The II-MT dye was employed to determine Cr6+ in spiked tap water samples. Tap water was spiked with Cr6+ to achieve concentrations of 8 × 10−5 M and 4 × 10−5 M. A 250 µL aliquot of each spiked tap water sample was mixed with 250 µL of II-MT dye solution (1 × 10−4 M at pH 4). This mixture was diluted to a total volume of 5 mL, resulting in final Cr6+ concentrations of 2 µM and 4 µM. Quantification of Cr6+ was performed using UV–Vis spectroscopy.

2.10 Single-Use Paper-Based Sensor for Cr6+ Detection

A strip of filter paper (1 cm × 1 cm) was coated with a solution of 1 × 10−4 M II-MT (in THF). The coated strip was placed in a fume cupboard and dried under a gentle stream of nitrogen gas to evaporate all traces of THF. The paper sensor was stored for later use.
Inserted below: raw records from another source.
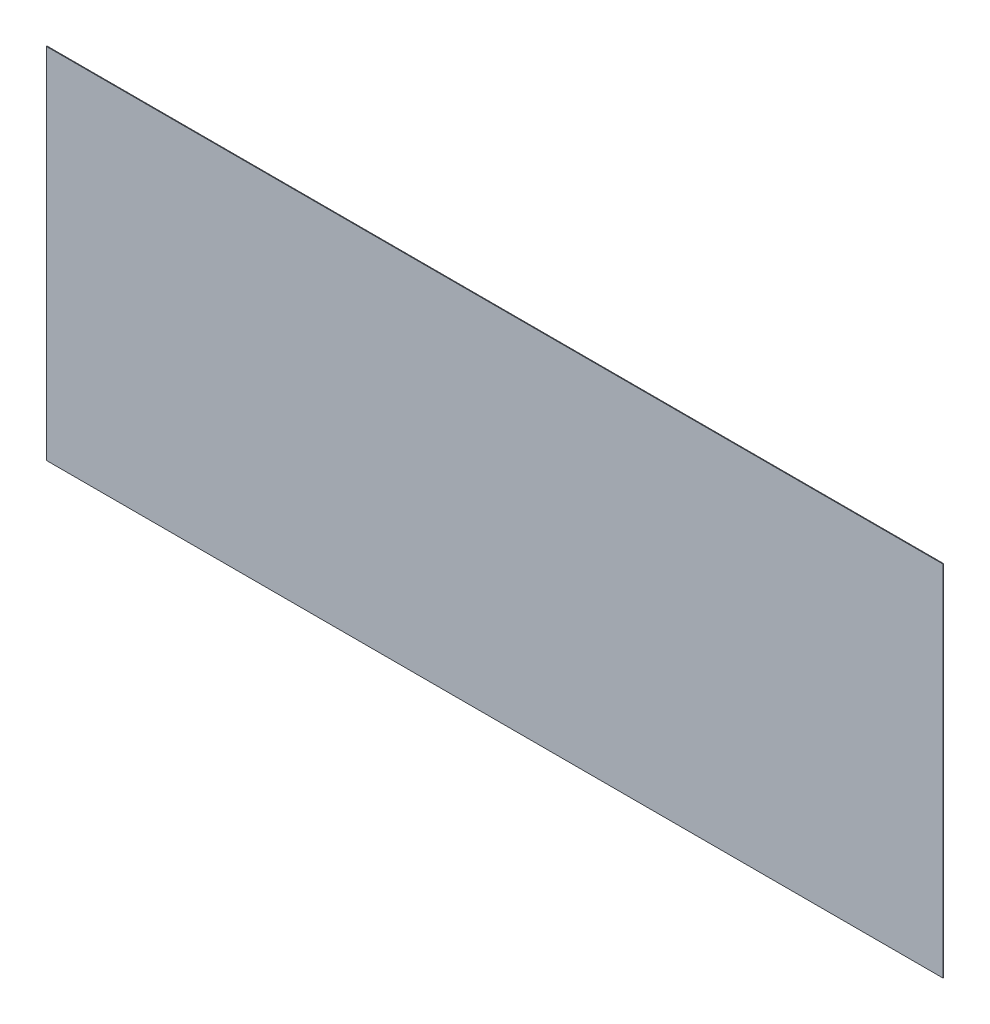
from build123d import *

# Parameters (mm, degrees)
SKETCH_1_W      = 1250
SKETCH_1_H      = 500
EXTRUDE_1_DEPTH = 1


with BuildPart() as part:
    # Эскиз1 → Бобышка-Вытянуть1 (new body)
    with BuildSketch(Plane.XY):
        with Locations((0, 250)):
            Rectangle(SKETCH_1_W, SKETCH_1_H)
    extrude(amount=EXTRUDE_1_DEPTH)


solid = part.part

A water sample was spiked with 400 µL of 1 × 10−4 M CrO3 and diluted to 5 mL with tap water. The solution was adjusted to pH 4, resulting in a final Cr6+concentration of 8 µM. The paper sensor was immersed in 1 mL of the spiked water for 15 min, then removed and dried under nitrogen gas. The color change from brown to colorless was observed visually.